Silicon Valley Banking Consequences: Preventing Bank Runs Related Articles

The collapse of the American Silicon Valley Bank is causing great turmoil in the financial markets. On Wall Street, bank stocks in particular have been the big losers. Some stocks have even halted trading. There is fear, especially among medium-sized banks that are not subject to stricter supervision, says analyst and strategist Corné van Zeijl of asset manager Actiam.

Silicon Valley Bank customers wait in line at the SVB headquarters in Santa Clara, California. US President Biden yesterday tried to reassure Americans about the country’s banking system, also stressing that emergency measures would not be paid for by taxpayers (ANP/AFP/Noah Berger)

Banks still lost 15 percent yesterday, Van Zeijl said. It was mostly the medium and small banks, there’s less fear for the bigger banks because they’re still under stricter supervision since 2008. “But they’re not doing very well either.” According to Van Zeijl, Silicon Valley Bank has taken on more risk than expected to finance customers.

Since 2018, banks with a balance sheet capital of less than 250 billion (and SVB had 206 billion) are subject to less stringent regulations to stimulate the economy. It worked and many startups benefited greatly from it, but this is the flip side: that banks take bad risks. “They mostly went into long-term bonds. And if interest rates go up, that’s where the blows are hardest.’

The US president has said he will do everything to protect the banking system, especially trust in it. The customers are thus bailed out, but the shareholders and bondholders simply lose their money. “I am the shaak.

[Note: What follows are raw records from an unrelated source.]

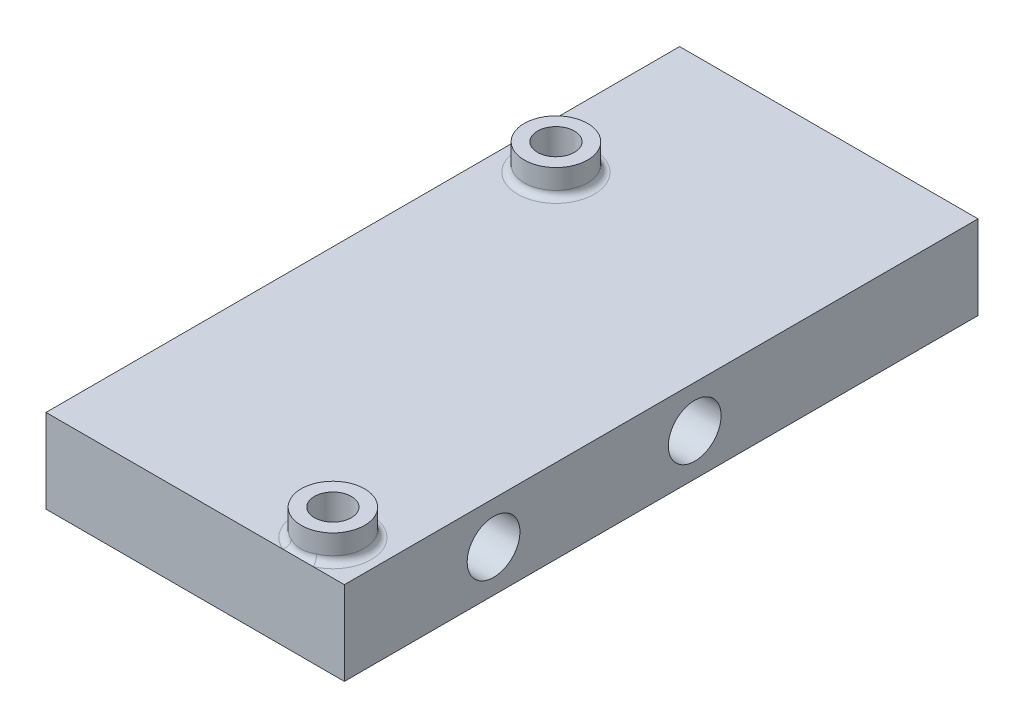
ISO-10303-21;
HEADER;
FILE_DESCRIPTION(('STEP AP214'),'2;1');
FILE_NAME('part.step','',(''),(''),'','','');
FILE_SCHEMA(('AUTOMOTIVE_DESIGN { 1 0 10303 214 1 1 1 1 }'));
ENDSEC;
DATA;
#1=APPLICATION_CONTEXT('core data for automotive mechanical design processes');
#2=APPLICATION_PROTOCOL_DEFINITION('international standard','automotive_design',2000,#1);
#3=PRODUCT_CONTEXT('',#1,'mechanical');
#4=PRODUCT('Part','Part','',(#3));
#5=PRODUCT_RELATED_PRODUCT_CATEGORY('part','',(#4));
#6=PRODUCT_DEFINITION_FORMATION('','',#4);
#7=PRODUCT_DEFINITION_CONTEXT('part definition',#1,'design');
#8=PRODUCT_DEFINITION('design','',#6,#7);
#9=PRODUCT_DEFINITION_SHAPE('','',#8);
#10=(LENGTH_UNIT() NAMED_UNIT(*) SI_UNIT(.MILLI.,.METRE.));
#11=(NAMED_UNIT(*) PLANE_ANGLE_UNIT() SI_UNIT($,.RADIAN.));
#12=(NAMED_UNIT(*) SI_UNIT($,.STERADIAN.) SOLID_ANGLE_UNIT());
#13=UNCERTAINTY_MEASURE_WITH_UNIT(LENGTH_MEASURE(1.E-05),#10,'distance_accuracy_value','');
#14=(GEOMETRIC_REPRESENTATION_CONTEXT(3) GLOBAL_UNCERTAINTY_ASSIGNED_CONTEXT((#13)) GLOBAL_UNIT_ASSIGNED_CONTEXT((#10,
#11,#12)) REPRESENTATION_CONTEXT('',''));
#15=CARTESIAN_POINT('',(0.,0.,0.));
#16=DIRECTION('',(0.,0.,1.));
#17=DIRECTION('',(1.,0.,0.));
#18=AXIS2_PLACEMENT_3D('',#15,#16,#17);
#19=CARTESIAN_POINT('',(0.,6.35,0.));
#20=DIRECTION('',(0.,1.,0.));
#21=DIRECTION('',(0.,0.,1.));
#22=AXIS2_PLACEMENT_3D('',#19,#20,#21);
#23=PLANE('',#22);
#24=CARTESIAN_POINT('',(3.6835,6.35,-35.20575));
#25=DIRECTION('',(0.,1.,0.));
#26=DIRECTION('',(0.,0.,1.));
#27=AXIS2_PLACEMENT_3D('',#24,#25,#26);
#28=CIRCLE('',#27,2.9);
#29=CARTESIAN_POINT('',(3.6835,6.35,-32.30575));
#30=VERTEX_POINT('',#29);
#31=EDGE_CURVE('E168',#30,#30,#28,.F.);
#32=ORIENTED_EDGE('',*,*,#31,.T.);
#33=EDGE_LOOP('',(#32));
#34=FACE_BOUND('',#33,.T.);
#35=DIRECTION('',(1.,0.,0.));
#36=VECTOR('',#35,1.);
#37=CARTESIAN_POINT('',(0.,6.35,-0.127));
#38=LINE('',#37,#36);
#39=CARTESIAN_POINT('',(0.127,6.35,-0.127));
#40=VERTEX_POINT('',#39);
#41=CARTESIAN_POINT('',(18.0424000311186,6.35,-0.127));
#42=VERTEX_POINT('',#41);
#43=EDGE_CURVE('E121',#40,#42,#38,.T.);
#44=ORIENTED_EDGE('',*,*,#43,.T.);
#45=CARTESIAN_POINT('',(19.2073,6.35,-2.78275));
#46=DIRECTION('',(0.,1.,0.));
#47=DIRECTION('',(0.,0.,1.));
#48=AXIS2_PLACEMENT_3D('',#45,#46,#47);
#49=CIRCLE('',#48,2.9);
#50=CARTESIAN_POINT('',(20.3721999688814,6.35,-0.127));
#51=VERTEX_POINT('',#50);
#52=EDGE_CURVE('E60',#42,#51,#49,.F.);
#53=ORIENTED_EDGE('',*,*,#52,.T.);
#54=CARTESIAN_POINT('',(22.733,6.35,-0.127));
#55=VERTEX_POINT('',#54);
#56=EDGE_CURVE('E126',#51,#55,#38,.T.);
#57=ORIENTED_EDGE('',*,*,#56,.T.);
#58=DIRECTION('',(0.,0.,-1.));
#59=VECTOR('',#58,1.);
#60=CARTESIAN_POINT('',(22.733,6.35,0.));
#61=LINE('',#60,#59);
#62=CARTESIAN_POINT('',(22.733,6.35,-48.133));
#63=VERTEX_POINT('',#62);
#64=EDGE_CURVE('E124',#55,#63,#61,.T.);
#65=ORIENTED_EDGE('',*,*,#64,.T.);
#66=DIRECTION('',(1.,0.,0.));
#67=VECTOR('',#66,1.);
#68=CARTESIAN_POINT('',(0.,6.35,-48.133));
#69=LINE('',#68,#67);
#70=CARTESIAN_POINT('',(0.126999999999991,6.35,-48.133));
#71=VERTEX_POINT('',#70);
#72=EDGE_CURVE('E128',#71,#63,#69,.T.);
#73=ORIENTED_EDGE('',*,*,#72,.F.);
#74=DIRECTION('',(0.,0.,-1.));
#75=VECTOR('',#74,1.);
#76=CARTESIAN_POINT('',(0.127,6.35,0.));
#77=LINE('',#76,#75);
#78=EDGE_CURVE('E111',#40,#71,#77,.T.);
#79=ORIENTED_EDGE('',*,*,#78,.F.);
#80=EDGE_LOOP('',(#44,#53,#57,#65,#73,#79));
#81=FACE_BOUND('',#80,.T.);
#82=ADVANCED_FACE('F45',(#34,#81),#23,.T.);
#83=CARTESIAN_POINT('',(0.127,6.35,0.));
#84=DIRECTION('',(-1.,0.,0.));
#85=DIRECTION('',(0.,0.,1.));
#86=AXIS2_PLACEMENT_3D('',#83,#84,#85);
#87=PLANE('',#86);
#88=CARTESIAN_POINT('',(0.126999999999995,3.175,-26.67));
#89=DIRECTION('',(-1.,0.,0.));
#90=DIRECTION('',(0.,0.,1.));
#91=AXIS2_PLACEMENT_3D('',#88,#89,#90);
#92=CIRCLE('',#91,2.);
#93=CARTESIAN_POINT('',(0.126999999999996,3.175,-24.67));
#94=VERTEX_POINT('',#93);
#95=EDGE_CURVE('E224',#94,#94,#92,.T.);
#96=ORIENTED_EDGE('',*,*,#95,.F.);
#97=EDGE_LOOP('',(#96));
#98=FACE_BOUND('',#97,.T.);
#99=CARTESIAN_POINT('',(0.126999999999998,3.175,-11.43));
#100=DIRECTION('',(-1.,0.,0.));
#101=DIRECTION('',(0.,0.,1.));
#102=AXIS2_PLACEMENT_3D('',#99,#100,#101);
#103=CIRCLE('',#102,2.);
#104=CARTESIAN_POINT('',(0.126999999999998,3.175,-9.43));
#105=VERTEX_POINT('',#104);
#106=EDGE_CURVE('E216',#105,#105,#103,.T.);
#107=ORIENTED_EDGE('',*,*,#106,.F.);
#108=EDGE_LOOP('',(#107));
#109=FACE_BOUND('',#108,.T.);
#110=DIRECTION('',(0.,0.,-1.));
#111=VECTOR('',#110,1.);
#112=CARTESIAN_POINT('',(0.127,0.,0.));
#113=LINE('',#112,#111);
#114=CARTESIAN_POINT('',(0.127,0.,-0.127));
#115=VERTEX_POINT('',#114);
#116=CARTESIAN_POINT('',(0.126999999999991,0.,-48.133));
#117=VERTEX_POINT('',#116);
#118=EDGE_CURVE('E114',#115,#117,#113,.T.);
#119=ORIENTED_EDGE('',*,*,#118,.F.);
#120=DIRECTION('',(0.,-1.,0.));
#121=VECTOR('',#120,1.);
#122=CARTESIAN_POINT('',(0.127,6.35,-0.127));
#123=LINE('',#122,#121);
#124=EDGE_CURVE('E107',#40,#115,#123,.T.);
#125=ORIENTED_EDGE('',*,*,#124,.F.);
#126=ORIENTED_EDGE('',*,*,#78,.T.);
#127=DIRECTION('',(0.,-1.,0.));
#128=VECTOR('',#127,1.);
#129=CARTESIAN_POINT('',(0.126999999999991,6.35,-48.133));
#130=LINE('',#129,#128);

And rightly so, I think you too should help trust the system in this way. So the most important thing is that you don’t have any new bank runs.’

“The important thing is not to have new bank runs”

Corné van Zeijl, Actiam strategist

Van Zeijl thinks that the biggest pain has now been suffered by the banks, he sees that investors have plunged en masse into bonds. “You can see that interest rates on short-term and long-term bonds have really come down tremendously. And low interest rates are generally not good for banks.’ Which means the banks won’t recover that quickly either.

Exposure

While the Netherlands also has exposure to American banks, the situation here is fundamentally different from the United States, Europe does not have regulations as relaxed as those introduced by Donald Trump in 2018. “So the ECB looks at the composition of the balance sheet, it looks at the quality of the balance sheet. So, in that respect, we have a lot less to worry about here.’